Instructions to follow. Where does the string "bigfont" occur in the entries below? Copy every line where it does.
(Records)
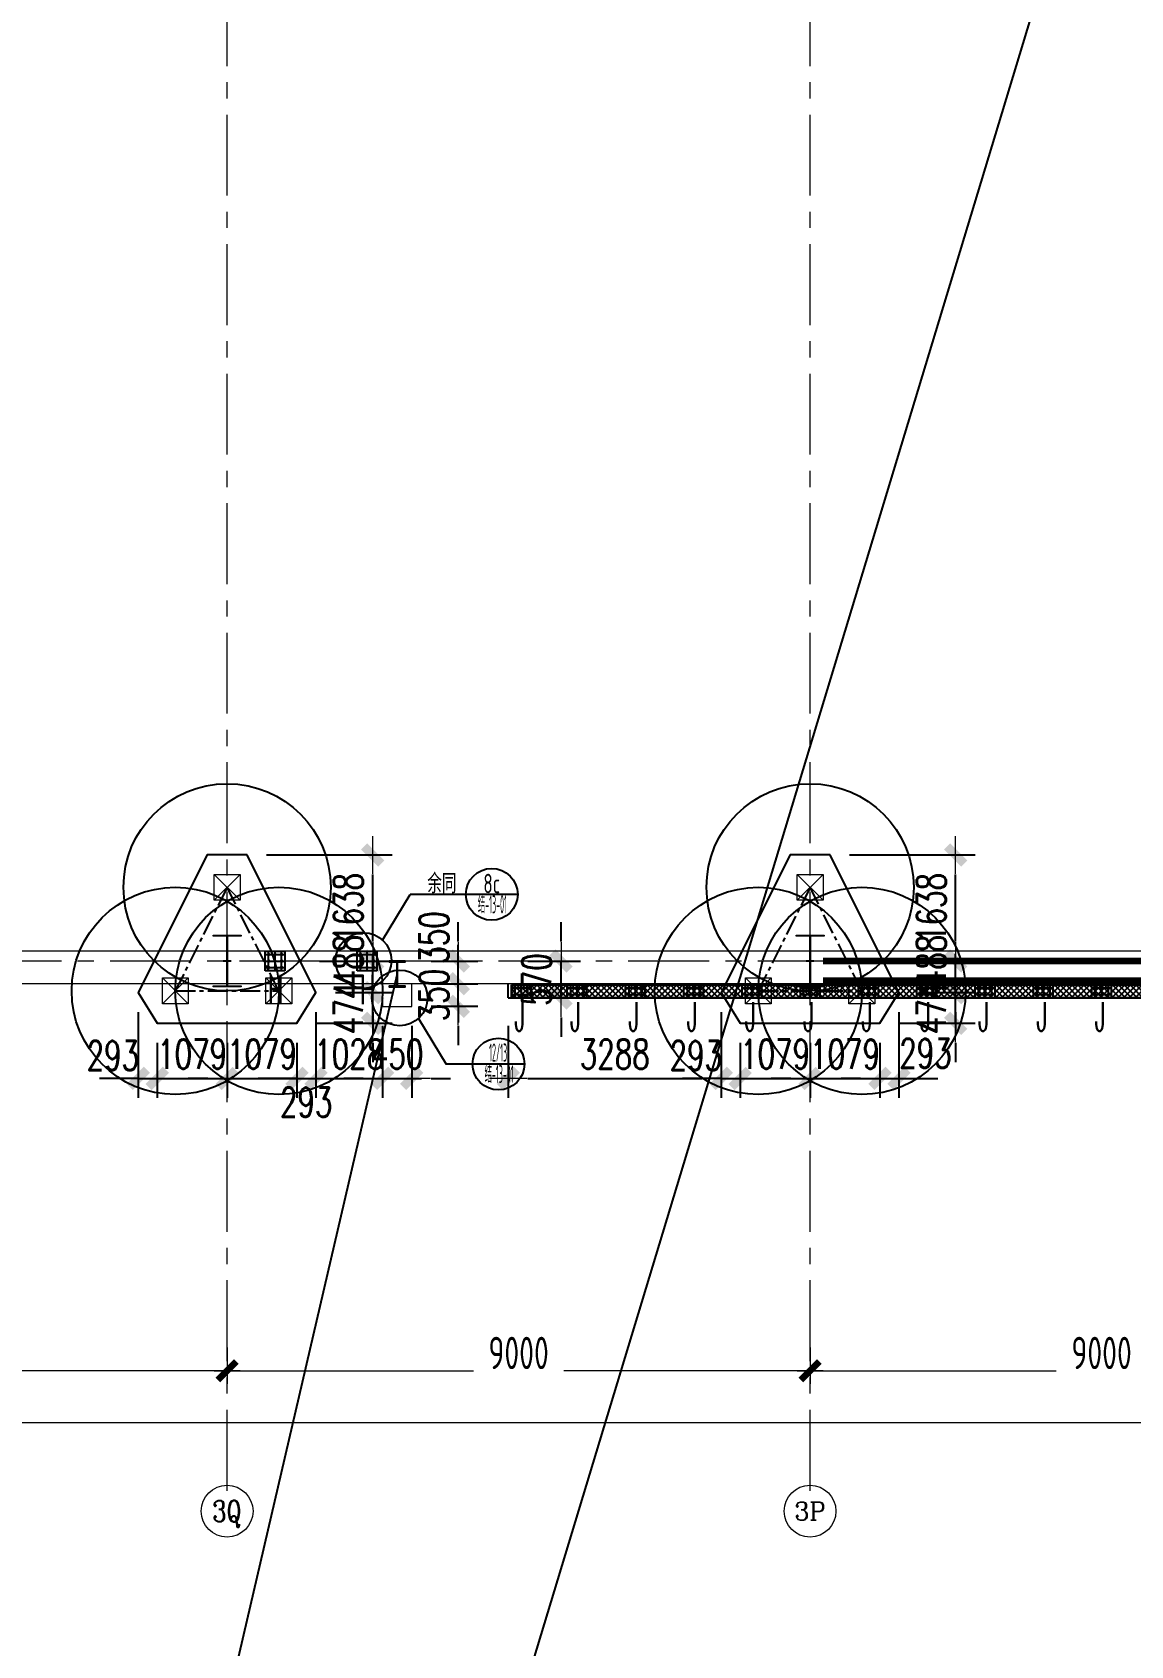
# Model space of a CAD drawing. Extents: x -1201378 to 2367219, y -619313 to 244905.
# Drawn here: x -212766 to -195808, y -265822 to -240906 of the extents above; entities that cross this region are included whole.
import ezdxf
from ezdxf.enums import TextEntityAlignment as Align

# ---------------------------------------------------------------- set-up
doc = ezdxf.new("R2010")
doc.units = 0
doc.header["$LTSCALE"] = 1000
doc.linetypes.add('CENTER', pattern=[2, 1.25, -0.25, 0.25, -0.25])
doc.layers.get('0').update_dxf_attribs({"linetype": 'CONTINUOUS'})
doc.layers.get('Defpoints').update_dxf_attribs({"linetype": 'CONTINUOUS'})
for name, color, linetype in [('2钢材断面', 2, 'CONTINUOUS'), ('30预埋件', 30, 'CONTINUOUS'), ('40钢材投影', 40, 'CONTINUOUS'), ('A-AXIS-DP', 126, 'CONTINUOUS'), ('A-WINDOW', 140, 'CONTINUOUS'), ('ALT_CEN-0-30', 1, 'CENTER'), ('S-DOTE1', 140, 'CENTER'), ('S-HATCH1-W', 252, 'CONTINUOUS'), ('S-SS', 111, 'CONTINUOUS'), ('S-XXX', 241, 'CONTINUOUS'), ('结构轮廓线', 1, 'CONTINUOUS')]:
    doc.layers.add(name, color=color, linetype=linetype)
for name, color, linetype, lineweight in [('S-axis', 111, 'CONTINUOUS', 0), ('S-bkl', 4, 'CONTINUOUS', 0), ('S-col', 2, 'CONTINUOUS', 0), ('S-dim', 81, 'CONTINUOUS', 0), ('S-dote', 5, 'CENTER', 0), ('S-zhuang', 1, 'CONTINUOUS', 0), ('柱间支撑', 6, 'CENTER', 0)]:
    doc.layers.add(name, color=color, linetype=linetype, lineweight=lineweight)
doc.styles.add('_TCH_AXIS', font='COMPLEX', dxfattribs={"bigfont": 'GBCBIG'})
doc.styles.add('DHTEXT-1', font='romans.shx', dxfattribs={"width": 0.7, "bigfont": 'chinese.shx'})
doc.styles.add('HZS', font='hzs.shx', dxfattribs={"width": 0.7, "bigfont": 'hztxt.shx'})
doc.styles.add('SS1', font='tj-romans1.shx', dxfattribs={"width": 0.7, "bigfont": 'tj-hztxt1.shx'})
doc.styles.add('TSSD_Dimension', font='tssdeng.shx', dxfattribs={"width": 0.7, "bigfont": 'hztxt.shx'})
doc.dimstyles.new('S-150-ARCHI', dxfattribs={"dimscale": 150, "dimtxt": 3, "dimasz": 2, "dimexe": 2, "dimexo": 2, "dimgap": 1, "dimtad": 1, "dimdec": 0, "dimzin": 0, "dimdsep": 46, "dimtxsty": 'SS1', "dimblk1": 'TT', "dimblk2": 'TT', "dimsah": 1, "dimcen": 1, "dimclrd": 256, "dimclre": 256, "dimclrt": 256, "dimadec": 0, "dimazin": 0, "dimtfac": 1, "dimtdec": 0, "dimtix": 1, "dimtmove": 2, "dimatfit": 0, "dimldrblk": 'TT', "dimfxl": 2, "dimtolj": 1, "dimtzin": 0, "dimarcsym": 0})
doc.dimstyles.new('TSSD_200_200', dxfattribs={"dimtxt": 500, "dimasz": 200, "dimexe": 200, "dimexo": 500, "dimgap": 200, "dimtad": 1, "dimdec": 0, "dimzin": 0, "dimdsep": 46, "dimtxsty": 'TSSD_Dimension', "dimblk": 'ARCHTICK', "dimcen": 0, "dimdle": 200, "dimclrt": 7, "dimadec": 0, "dimazin": 0, "dimtfac": 1, "dimtdec": 0, "dimtix": 1, "dimtmove": 2, "dimatfit": 3, "dimfxl": 1, "dimtolj": 1, "dimtzin": 0, "dimarcsym": 0})

# ---------------------------------------------------------------- blocks, each defined once
blk = doc.blocks.new('w42343243')
at = {"layer": 'S-col'}
blk.add_lwpolyline([(-165069, 621020), (-164639, 621020), (-164639, 621002), (-164848, 621002), (-164848, 620238), (-164639, 620238), (-164639, 620220), (-165069, 620220), (-165069, 620238), (-164860, 620238), (-164860, 621002), (-165069, 621002)], close=True, dxfattribs=at)
blk = doc.blocks.new('42343')
at = {"layer": 'A-WINDOW'}
for p in [(-90000, -71700), (-81000, -71700)]:
    blk.add_blockref('w42343243', p, dxfattribs=at)
blk = doc.blocks.new('_ArchTick')
at = {"color": 0, "linetype": 'ByBlock', "const_width": 0.5}
blk.add_lwpolyline([(-0.71, -0.71), (0.71, 0.71)], dxfattribs=at)
blk = doc.blocks.new('*D493')
at = {"layer": 'Defpoints', "color": 0, "transparency": 16777216}
for p in [(-218758, -360718), (-209758, -360718), (-209758, -361576)]:
    blk.add_point(p, dxfattribs=at)
at = {"layer": 'S-axis', "color": 0, "lineweight": -2, "transparency": 16777216}
for p, q in [((-218758, -361218), (-218758, -361776)), ((-209758, -361218), (-209758, -361776)), ((-218958, -361576), (-214957, -361576)), ((-209558, -361576), (-213560, -361576))]:
    blk.add_line(p, q, dxfattribs=at)
at = {"layer": 'S-axis', "color": 0, "lineweight": -2, "transparency": 16777216, "xscale": 200, "yscale": 200, "zscale": 200, "rotation": 180}
blk.add_blockref('_ArchTick', (-218758, -361576), dxfattribs=at)
at = {"layer": 'S-axis', "color": 0, "lineweight": -2, "transparency": 16777216, "xscale": 200, "yscale": 200, "zscale": 200}
blk.add_blockref('_ArchTick', (-209758, -361576), dxfattribs=at)
at = {"layer": 'S-axis', "color": 7, "transparency": 16777216, "insert": (-214258, -361301), "char_height": 500, "attachment_point": 5, "style": 'TSSD_Dimension'}
blk.add_mtext('\\A1;9000', dxfattribs=at)
blk = doc.blocks.new('*D494')
at = {"layer": 'Defpoints', "color": 0, "transparency": 16777216}
for p in [(-209758, -360718), (-200758, -360718), (-200758, -361576)]:
    blk.add_point(p, dxfattribs=at)
at = {"layer": 'S-axis', "color": 0, "lineweight": -2, "transparency": 16777216}
for p, q in [((-209758, -361218), (-209758, -361776)), ((-200758, -361218), (-200758, -361776)), ((-209958, -361576), (-205957, -361576)), ((-200558, -361576), (-204560, -361576))]:
    blk.add_line(p, q, dxfattribs=at)
at = {"layer": 'S-axis', "color": 0, "lineweight": -2, "transparency": 16777216, "xscale": 200, "yscale": 200, "zscale": 200, "rotation": 180}
blk.add_blockref('_ArchTick', (-209758, -361576), dxfattribs=at)
at = {"layer": 'S-axis', "color": 0, "lineweight": -2, "transparency": 16777216, "xscale": 200, "yscale": 200, "zscale": 200}
blk.add_blockref('_ArchTick', (-200758, -361576), dxfattribs=at)
at = {"layer": 'S-axis', "color": 7, "transparency": 16777216, "insert": (-205258, -361301), "char_height": 500, "attachment_point": 5, "style": 'TSSD_Dimension'}
blk.add_mtext('\\A1;9000', dxfattribs=at)
blk = doc.blocks.new('*D495')
at = {"layer": 'Defpoints', "color": 0, "transparency": 16777216}
for p in [(-200758, -360718), (-191758, -360718), (-191758, -361576)]:
    blk.add_point(p, dxfattribs=at)
at = {"layer": 'S-axis', "color": 0, "lineweight": -2, "transparency": 16777216}
for p, q in [((-200758, -361218), (-200758, -361776)), ((-191758, -361218), (-191758, -361776)), ((-200958, -361576), (-196957, -361576)), ((-191558, -361576), (-195560, -361576))]:
    blk.add_line(p, q, dxfattribs=at)
at = {"layer": 'S-axis', "color": 0, "lineweight": -2, "transparency": 16777216, "xscale": 200, "yscale": 200, "zscale": 200, "rotation": 180}
blk.add_blockref('_ArchTick', (-200758, -361576), dxfattribs=at)
at = {"layer": 'S-axis', "color": 0, "lineweight": -2, "transparency": 16777216, "xscale": 200, "yscale": 200, "zscale": 200}
blk.add_blockref('_ArchTick', (-191758, -361576), dxfattribs=at)
at = {"layer": 'S-axis', "color": 7, "transparency": 16777216, "insert": (-196258, -361301), "char_height": 500, "attachment_point": 5, "style": 'TSSD_Dimension'}
blk.add_mtext('\\A1;9000', dxfattribs=at)
blk = doc.blocks.new('*D458')
at = {"layer": 'Defpoints', "color": 0, "transparency": 16777216}
for p in [(-268658, -360818), (-82958, -360818), (-82958, -362376)]:
    blk.add_point(p, dxfattribs=at)
at = {"layer": 'S-axis', "color": 0, "lineweight": -2, "transparency": 16777216}
for p, q in [((-268658, -361318), (-268658, -362576)), ((-82958, -361318), (-82958, -362576)), ((-268858, -362376), (-176749, -362376)), ((-82758, -362376), (-174868, -362376))]:
    blk.add_line(p, q, dxfattribs=at)
at = {"layer": 'S-axis', "color": 0, "lineweight": -2, "transparency": 16777216, "xscale": 200, "yscale": 200, "zscale": 200, "rotation": 180}
blk.add_blockref('_ArchTick', (-268658, -362376), dxfattribs=at)
at = {"layer": 'S-axis', "color": 0, "lineweight": -2, "transparency": 16777216, "xscale": 200, "yscale": 200, "zscale": 200}
blk.add_blockref('_ArchTick', (-82958, -362376), dxfattribs=at)
at = {"layer": 'S-axis', "color": 7, "transparency": 16777216, "insert": (-175808, -362101), "char_height": 500, "attachment_point": 5, "style": 'TSSD_Dimension'}
blk.add_mtext('\\A1;185700', dxfattribs=at)
blk = doc.blocks.new('S-ZHUANG-400')
at = {"layer": 'S-zhuang'}
for p, q in [((200, -200), (-200, 200)), ((-200, -200), (200, 200))]:
    blk.add_line(p, q, dxfattribs=at)
blk.add_lwpolyline([(-200, 200), (200, 200), (200, -200), (-200, -200)], close=True, dxfattribs=at)
blk = doc.blocks.new('CT3')
at = {"layer": 'Defpoints'}
for centre in [(-101758, -256416), (-102558, -258016), (-100958, -258016)]:
    blk.add_circle(centre, 1600, dxfattribs=at)
at = {"layer": 'S-DOTE1', "ltscale": 0.25}
for p, q in [((-101698, -257554), (-101818, -257554)), ((-101758, -257494), (-101758, -257614))]:
    blk.add_line(p, q, dxfattribs=at)
at = {"layer": 'S-DOTE1', "linetype": 'CENTER', "ltscale": 0.25}
blk.add_lwpolyline([(-100958, -258016), (-101758, -256416), (-102558, -258016)], close=True, dxfattribs=at)
at = {"layer": 'S-HATCH1-W'}
blk.add_lwpolyline([(-101449, -255916), (-102067, -255916), (-103130, -258042), (-102837, -258516), (-100680, -258516), (-100387, -258042)], close=True, dxfattribs=at)
at = {"layer": 'S-zhuang', "rotation": 90.00000000000001}
for p in [(-101758, -256416), (-102558, -258016), (-100958, -258016)]:
    blk.add_blockref('S-ZHUANG-400', p, dxfattribs=at)
blk = doc.blocks.new('TT')
blk.add_line((-0.969, 0), (0.969, 0))
at = {"const_width": 0.45}
blk.add_lwpolyline([(-0.442, -0.442), (0.442, 0.442)], dxfattribs=at)
blk = doc.blocks.new('*D1522')
at = {"layer": 'Defpoints', "color": 0, "transparency": 16777216}
for p in [(-211130, -255736), (-210837, -256210), (-210837, -257061)]:
    blk.add_point(p, dxfattribs=at)
at = {"layer": 'S-dim', "lineweight": -2, "transparency": 16777216}
for p, q in [((-211130, -256036), (-211130, -257361)), ((-210837, -256510), (-210837, -257361)), ((-211430, -257061), (-211730, -257061)), ((-211130, -257061), (-210837, -257061)), ((-210537, -257061), (-210237, -257061))]:
    blk.add_line(p, q, dxfattribs=at)
at = {"layer": 'S-dim', "lineweight": -2, "transparency": 16777216, "xscale": 300, "yscale": 300, "zscale": 300}
blk.add_blockref('TT', (-211130, -257061), dxfattribs=at)
at = {"layer": 'S-dim', "lineweight": -2, "transparency": 16777216, "xscale": 300, "yscale": 300, "zscale": 300, "rotation": 180}
blk.add_blockref('TT', (-210837, -257061), dxfattribs=at)
at = {"layer": 'S-dim', "transparency": 16777216, "insert": (-211522, -256708), "char_height": 450, "attachment_point": 5, "style": 'SS1'}
blk.add_mtext('\\A1;293', dxfattribs=at)
blk = doc.blocks.new('*D1523')
at = {"layer": 'Defpoints', "color": 0, "transparency": 16777216}
for p in [(-210837, -256210), (-209758, -256210), (-209758, -257061)]:
    blk.add_point(p, dxfattribs=at)
at = {"layer": 'S-dim', "lineweight": -2, "transparency": 16777216}
for p, q in [((-210837, -256510), (-210837, -257361)), ((-209758, -256510), (-209758, -257361)), ((-211137, -257061), (-211437, -257061)), ((-210837, -257061), (-209758, -257061)), ((-209458, -257061), (-209158, -257061))]:
    blk.add_line(p, q, dxfattribs=at)
at = {"layer": 'S-dim', "lineweight": -2, "transparency": 16777216, "xscale": 300, "yscale": 300, "zscale": 300}
blk.add_blockref('TT', (-210837, -257061), dxfattribs=at)
at = {"layer": 'S-dim', "lineweight": -2, "transparency": 16777216, "xscale": 300, "yscale": 300, "zscale": 300, "rotation": 180}
blk.add_blockref('TT', (-209758, -257061), dxfattribs=at)
at = {"layer": 'S-dim', "transparency": 16777216, "insert": (-210298, -256686), "char_height": 450, "attachment_point": 5, "style": 'SS1'}
blk.add_mtext('\\A1;1079', dxfattribs=at)
blk = doc.blocks.new('*D1524')
at = {"layer": 'Defpoints', "color": 0, "transparency": 16777216}
for p in [(-209758, -256210), (-208680, -256210), (-208680, -257061)]:
    blk.add_point(p, dxfattribs=at)
at = {"layer": 'S-dim', "lineweight": -2, "transparency": 16777216}
for p, q in [((-209758, -256510), (-209758, -257361)), ((-208680, -256510), (-208680, -257361)), ((-210058, -257061), (-210358, -257061)), ((-209758, -257061), (-208680, -257061)), ((-208380, -257061), (-208080, -257061))]:
    blk.add_line(p, q, dxfattribs=at)
at = {"layer": 'S-dim', "lineweight": -2, "transparency": 16777216, "xscale": 300, "yscale": 300, "zscale": 300}
blk.add_blockref('TT', (-209758, -257061), dxfattribs=at)
at = {"layer": 'S-dim', "lineweight": -2, "transparency": 16777216, "xscale": 300, "yscale": 300, "zscale": 300, "rotation": 180}
blk.add_blockref('TT', (-208680, -257061), dxfattribs=at)
at = {"layer": 'S-dim', "transparency": 16777216, "insert": (-209219, -256686), "char_height": 450, "attachment_point": 5, "style": 'SS1'}
blk.add_mtext('\\A1;1079', dxfattribs=at)
blk = doc.blocks.new('*D1525')
at = {"layer": 'Defpoints', "color": 0, "transparency": 16777216}
for p in [(-208387, -255736), (-208680, -256210), (-208387, -257061)]:
    blk.add_point(p, dxfattribs=at)
at = {"layer": 'S-dim', "lineweight": -2, "transparency": 16777216}
for p, q in [((-208387, -256036), (-208387, -257361)), ((-208680, -256510), (-208680, -257361)), ((-208980, -257061), (-209280, -257061)), ((-208680, -257061), (-208387, -257061)), ((-208087, -257061), (-207787, -257061))]:
    blk.add_line(p, q, dxfattribs=at)
at = {"layer": 'S-dim', "lineweight": -2, "transparency": 16777216, "xscale": 300, "yscale": 300, "zscale": 300}
blk.add_blockref('TT', (-208680, -257061), dxfattribs=at)
at = {"layer": 'S-dim', "lineweight": -2, "transparency": 16777216, "xscale": 300, "yscale": 300, "zscale": 300, "rotation": 180}
blk.add_blockref('TT', (-208387, -257061), dxfattribs=at)
at = {"layer": 'S-dim', "transparency": 16777216, "insert": (-208537, -257429), "char_height": 450, "attachment_point": 5, "style": 'SS1'}
blk.add_mtext('\\A1;293', dxfattribs=at)
blk = doc.blocks.new('*D1526')
at = {"layer": 'Defpoints', "color": 0, "transparency": 16777216}
for p in [(-208387, -255736), (-207511, -255736), (-208680, -256210)]:
    blk.add_point(p, dxfattribs=at)
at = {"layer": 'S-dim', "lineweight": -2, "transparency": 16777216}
(End Records)
Exercise response.
doc.styles.add('_TCH_AXIS', font='COMPLEX', dxfattribs={"bigfont": 'GBCBIG'})
doc.styles.add('DHTEXT-1', font='romans.shx', dxfattribs={"width": 0.7, "bigfont": 'chinese.shx'})
doc.styles.add('HZS', font='hzs.shx', dxfattribs={"width": 0.7, "bigfont": 'hztxt.shx'})
doc.styles.add('SS1', font='tj-romans1.shx', dxfattribs={"width": 0.7, "bigfont": 'tj-hztxt1.shx'})
doc.styles.add('TSSD_Dimension', font='tssdeng.shx', dxfattribs={"width": 0.7, "bigfont": 'hztxt.shx'})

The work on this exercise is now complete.